I intend to wait until I can officially get it.



Cross_Border_Tax said:


> You will however be able to take a foreign tax credit on your domestic return is applicable.
> 
> Cheers
> 
> Phil


Thank you Phil for your answer!


----------



## Phil Hogan

No problem, good luck.

Phil


----------



## Bevdeforges

Cross_Border_Tax said:


> Hi
> 
> I won't be too difficult to hold US account after you renounce, however the bank may restrict your trading on account as a non resident.
> 
> Also note that any withdrawals from the IRA (non periodic) will most likely attract a 30% withholding rate at source.
> 
> You will however be able to take a foreign tax credit on your domestic return is applicable.
> 
> Cheers
> 
> Phil


Not sure what you mean by "non-periodic" because as far as I understand it, ALL withdrawals from an IRA made by a non-US citizen are supposed to be withheld at the 30% rate. I believe it may be possible to file a non-resident tax return, however, to recoup the excess withholding. (Not sure about that, but it would pay to take a look at the IRS publication on non-resident returns.)
Cheers,
Bev


----------



## BBCWatcher

The financial institution probably isn't going to know that you're supposed to file a W-8BEN to replace your W-9 when you renounce -- I'm not sure anybody tells them automatically -- so the institution may not withhold. Regardless of whether there's withholding or not, taxes may be owed.

A more interesting question is whether you're legally required to send W-8BENs to your U.S. financial institutions when you renounce. Another question is what's the penalty if you don't -- could your assets be frozen and back withholding seized, for example? (Probably.) I think those are important questions to answer.
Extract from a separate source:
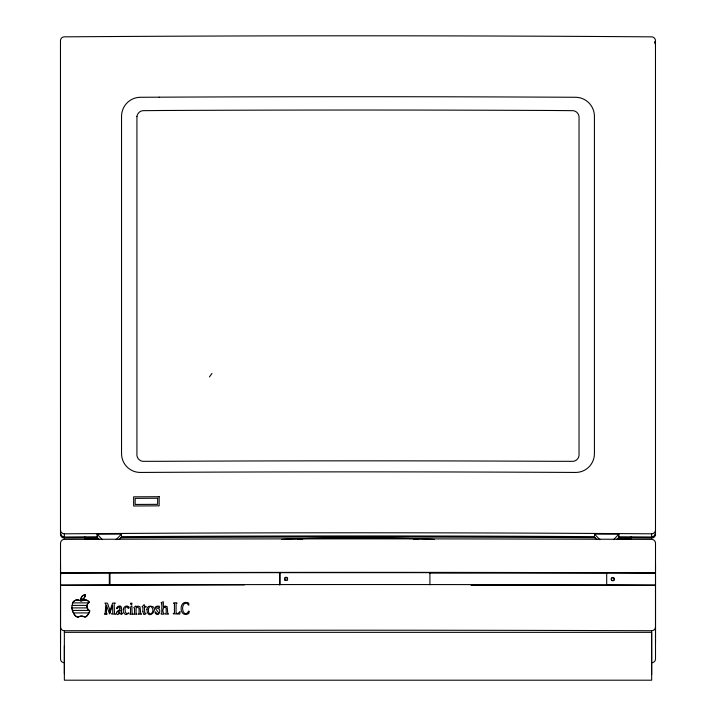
<?xml version="1.0" encoding="UTF-8"?>
<svg xmlns="http://www.w3.org/2000/svg" width="716" height="716" viewBox="0 0 716 716"><rect width="100%" height="100%" fill="white"/><g stroke="black" fill="none" stroke-linecap="round" stroke-linejoin="round"><path stroke-width="1.07" d="M60.52 642.825L60.52 563.752M64.359 673.846L64.359 630.733A3.849 3.831 -59.9 0 1 60.52 626.903M279.974 584.874L279.974 572.693M651.667 674.642L651.632 630.733A3.849 3.831 59.9 0 0 655.516 626.903M655.507 642.825L655.507 563.752M109.987 613.209L110.022 610.623L107.525 603.194L104.939 603.042L105.87 604.411L105.154 613.612C101.914 614.543 109.745 614.4 106.424 613.666L106.487 605.342L109.557 613.907L112.573 605.36L112.77 613.111L111.58 613.979L115.544 614.167L114.462 613.272L114.202 604.743L114.247 603.83L115.303 603.069L112.6 603.096L110.022 610.623M86.94 606.783L87.164 604.966A4.914 4.914 0 0 1 88.578 602.872L89.285 602.353M71.868 607.231L72.638 602.872A5.146 5.137 0 0 1 79.709 600.509A3.133 3.124 0 0 0 82.635 600.509A5.012 5.012 0 0 1 88.882 601.78L89.178 602.201M86.976 605.906L87.164 605.056A4.923 4.896 -59.9 0 1 89.285 602.254L88.882 601.7A5.039 5.021 -59.9 0 0 82.644 600.447A3.15 3.133 -59.9 0 1 79.709 600.456A5.164 5.137 -59.9 0 0 72.37 603.543M209.43 376.938L211.963 373.439M116.117 539.694L121.451 534.127L97.072 534.127L97.072 539.094L84.873 539.05L84.873 536.812M613.567 539.694L618.901 534.127L594.522 534.127L594.522 537.322L596.804 539.506M119.169 539.506L121.451 537.322L121.451 534.127M616.619 539.506L618.901 537.322M64.333 536.991A3.875 3.84 -32.4 0 1 60.493 533.178A3.875 3.84 -32.4 0 0 64.333 537.009L97.072 536.776M97.072 537.85L64.333 538.065L64.333 533.814L109.736 533.518A1826.91 79.691 0 0 1 606.237 533.518L651.641 533.814L651.641 538.065L618.901 537.85M121.451 536.642L159.167 536.427A1826.91 79.691 0 0 1 556.806 536.436L594.522 536.642M60.52 573.149L109.333 573.024L109.324 585.205L60.52 585.33M64.359 630.733L209.108 630.348A3635.526 158.576 0 0 1 605.978 630.581L651.632 630.733M73.417 612.923L88.954 612.905M429.913 573.122L606.703 573.122M471.056 585.303L606.703 585.303L606.703 572.988L655.507 573.149L655.507 543.238A3.849 3.831 59.9 0 0 651.667 539.399L605.987 539.237A3635.526 158.585 0 0 0 109.987 539.237L64.359 539.39A3.849 3.831 -59.9 0 0 60.52 543.238L60.52 658.926A3.84 3.84 0 0 0 64.359 662.756M72.638 602.872L88.578 602.872M71.976 605.387L87.092 605.387M71.904 607.902L87.146 607.902M88.847 610.417L72.361 610.417L71.868 607.195M64.359 632.335L651.667 632.344L651.667 680.2L64.359 680.2L64.359 645.814M606.703 585.169L655.507 585.33M618.901 536.776L651.641 537.009A3.875 3.84 32.4 0 0 655.48 533.196A3.875 3.84 32.4 0 1 651.641 536.991M73.014 612.126A8.977 8.968 0 0 1 72.361 610.417A8.968 8.932 -59.9 0 0 73.014 612.091L73.48 613.048A17.39 17.372 0 0 0 74.383 614.507A16.701 16.683 0 0 0 75.198 615.617A5.236 5.227 0 0 0 77.31 616.941A1.942 1.933 0 0 0 78.536 616.941A6.471 6.462 0 0 1 81.615 616.172L81.812 616.181A5.37 5.361 0 0 1 84.175 616.834L84.228 616.852A2.229 2.229 0 0 0 86.555 616.315A12.897 12.888 0 0 0 89.715 610.963L87.334 608.394M89.715 610.963L87.755 609.253L86.94 606.703M97.072 537.322L99.354 539.506M594.522 534.127L599.856 539.694M97.072 534.127L102.406 539.694M71.922 608.117L72.039 609.039M655.507 575.261L655.507 658.926A3.84 3.84 0 0 1 651.667 662.756M631.091 536.812L631.091 539.05L618.901 539.094L618.901 534.127M429.913 584.838L429.913 572.657L258.727 572.675A3635.526 158.576 0 0 0 109.987 572.988L109.987 585.169A3635.526 158.576 0 0 1 244.389 584.874M85.258 594.719L85.258 594.79A4.931 4.923 0 0 0 80.819 599.829L80.819 599.766A4.931 4.914 -59.9 0 1 85.258 594.719A4.931 4.914 -59.9 0 1 80.819 599.766M120.709 537.707A1826.91 79.691 0 0 1 595.264 537.707M654.684 42.611A3.866 3.813 73.9 0 1 655.498 44.956M651.641 538.056A3.866 3.813 73.9 0 0 655.498 534.261L655.48 40.696A3.866 3.813 73.9 0 0 651.641 36.856L606.237 36.543A1826.91 79.691 0 0 0 109.736 36.543L64.333 36.838A3.866 3.813 -73.9 0 0 60.475 40.696L60.493 534.261A3.866 3.813 -73.9 0 0 64.333 538.056M655.498 530.001A3.866 3.813 73.9 0 1 651.641 533.796M654.684 41.546A3.875 3.866 -67.1 0 1 655.48 43.891M64.333 533.796A3.866 3.813 -73.9 0 1 60.475 530.001M281.737 539.452A97.537 4.251 0 0 1 434.236 539.452M417.902 539.372A97.537 4.251 0 0 1 413.544 539.515M302.429 539.515A97.537 4.251 0 0 1 298.071 539.372M60.52 585.062A3634.926 158.549 0 0 1 655.507 585.062M60.52 572.881A3635.016 158.558 0 0 1 655.507 572.881M60.52 575.261A3.84 3.84 0 0 1 61.316 572.925M89.715 610.864A12.888 12.843 -59.9 0 1 86.555 616.234A2.237 2.229 -59.9 0 1 84.228 616.78L84.175 616.762A5.397 5.379 -59.9 0 0 81.812 616.109L81.615 616.1A6.507 6.48 -59.9 0 0 78.536 616.888A1.951 1.942 -59.9 0 1 77.31 616.897A5.245 5.227 -59.9 0 1 75.198 615.572A16.701 16.638 -59.9 0 1 74.428 614.534L74.383 614.471A17.381 17.318 -59.9 0 1 73.48 613.003M85.258 594.79A4.931 4.923 0 0 1 80.819 599.829M284.977 580.291A1.522 1.522 0 0 1 284.977 578.134A1.522 1.522 0 0 1 287.134 578.134A1.522 1.522 0 0 1 287.134 580.291M119.966 608C120.87 610.936 115.437 610.506 116.574 613.728A1.19 1.181 0 0 0 117.755 614.57L119.912 613.29L121.29 614.507L122.785 613.263L121.523 613.075L121.398 607.186L120.637 606.148A3.437 3.428 -54.7 0 0 118.426 606.264C117.469 606.255 115.392 609.074 117.272 608.77L118.856 606.649L119.653 606.658L119.966 608M119.984 610.417C120.234 616.771 115.571 610.82 119.984 610.417M130.572 608.636L130.527 613.361L129.82 614.194L133.015 614.185L132.138 613.335L131.896 605.951L129.838 607.544L130.572 608.636M134.572 608.627L134.519 613.361L133.803 614.176L136.971 614.176L136.121 613.308L136.076 608.958L136.505 607.526L137.606 607.061L139.029 608.278L139.092 613.317L138.358 614.167L141.544 614.167L140.694 613.29L140.014 606.738L137.767 606.049L136.058 607.293L135.843 605.96L133.82 607.553L134.572 608.627M142.878 611.482L143.683 614.355C145.554 615.053 147.487 612.144 144.766 613.343L144.39 607.311L146.162 607.016L146.198 606.47L144.453 606.237L144.211 604.537L142.054 606.855L142.914 607.231L142.878 611.482M155.229 612.968C158.29 618.042 162.935 608.824 156.714 607.965L156.67 607.034L157.735 606.398L159.525 607.973L159.265 606.148C151.282 605.736 157.699 610.56 158.728 613.102C156.983 616.691 155.175 609.003 155.229 612.968M161.825 603.83L161.78 613.263C159.158 614.328 163.561 614.4 164.286 613.907C162.246 612.833 162.299 606.533 165.423 607.105L166.13 608.188L166.219 612.744L165.28 614.086L168.475 614.086L167.759 613.182L167.123 606.649L164.957 605.987L163.355 607.231L163.338 601.789L161.1 602.639L161.825 603.83M174.436 604.215L174.427 612.878L173.174 613.8L179.814 614.051L180.083 611.428L178.23 613.317A2.103 2.103 0 0 1 176.7 613.487L176.046 612.404L176.109 603.615C180.155 602.532 170.551 602.425 174.382 603.651L174.436 604.215M279.58 572.657L279.58 584.838L279.598 572.693M189.024 611.831L188.782 613.442C178.723 619.143 178.427 598.218 188.738 603.132L188.818 605.297L186.67 603.06L184.075 603.839L182.822 606.228L182.553 608.51L183.135 611.553L184.594 613.433L186.625 613.71L188.854 610.963L189.024 611.831M136.935 116.502L136.935 455.564A6.73 6.677 -70.5 0 0 142.69 461.319L162.013 461.301A1800.722 78.545 0 0 1 553.96 461.301L573.283 461.319A6.73 6.677 70.5 0 0 579.038 455.564L579.038 116.502A6.73 6.677 70.5 0 0 573.283 110.685L553.96 110.497A1800.722 78.545 0 0 0 162.013 110.497L142.69 110.685A6.73 6.677 -70.5 0 0 136.935 116.502M123.25 609.405L123.429 612.091L124.611 613.898A2.98 2.971 -54.7 0 0 126.499 614.543L129.005 613.021L126.705 613.478L125.461 612.61L124.924 608.528L126.625 606.479L128.397 608.555L128.71 606.676C126.616 604.948 123.385 606.846 123.25 609.405M146.905 609.298C147.8 623.376 161.897 605.19 149.071 606.264A3.464 3.455 -54.7 0 0 147.433 607.732L146.905 609.298M148.57 608.475C147.21 619.054 156.885 611.571 151.004 606.524A1.781 1.772 -54.7 0 0 149.653 606.685L148.57 608.475M130.84 603.203L130.84 604.555L131.69 604.787L131.95 603.194L130.84 603.203M159.167 97.179L140.354 97.278A18.956 18.795 -70.5 0 0 121.541 116.314L121.541 453.613A18.956 18.795 -70.5 0 0 140.354 472.444L159.167 472.345A1826.91 79.691 0 0 1 556.806 472.345L575.619 472.444A18.956 18.795 70.5 0 0 594.423 453.613L594.423 116.314A18.956 18.795 70.5 0 0 575.619 97.278L556.806 97.179A1826.91 79.691 0 0 0 159.167 97.179M159.167 496.707L133.65 496.841L133.65 505.979L159.167 505.845L159.167 496.707M157.654 498.238L135.163 498.363L135.163 504.449L157.654 504.332L157.654 498.238M611.724 580.175L611.33 579.486A1.53 1.522 59.9 0 1 612.941 577.579A1.53 1.522 59.9 0 1 614.185 579.754A1.53 1.522 59.9 0 1 611.724 580.175M611.724 580.291A1.522 1.522 0 0 0 614.274 579.611A1.522 1.522 0 0 0 612.404 577.74A1.522 1.522 0 0 0 611.724 580.291M284.977 579.817A1.522 1.522 0 0 0 287.528 579.137A1.522 1.522 0 0 0 285.657 577.275A1.522 1.522 0 0 0 284.977 579.817"/></g></svg>

If we're keeping score, this is one of the disadvantages of renouncing U.S. citizenship. While excess withholding may be recoverable by filing a tax form (eventually), the IRS doesn't pay interest on excess withholdings.  It might make sense to move U.S.-based financial assets elsewhere if there are such concerns.


----------



## Phil Hogan

Bevdeforges said:


> Not sure what you mean by "non-periodic" because as far as I understand it, ALL withdrawals from an IRA made by a non-US citizen are supposed to be withheld at the 30% rate. I believe it may be possible to file a non-resident tax return, however, to recoup the excess withholding. (Not sure about that, but it would pay to take a look at the IRS publication on non-resident returns.)
> Cheers,
> Bev


Hi Bev

I've helped clients using both methods. If the bank has withheld 30% we've filed a 1040NR to recover the difference.

If we know the payment is coming we issue them a W8Ben and they will only withhold 15%.

Keep in mind however that not all banks will comply with a W8Ben and you'll need to file a 1040NR regardless.

Cheers

Phil


----------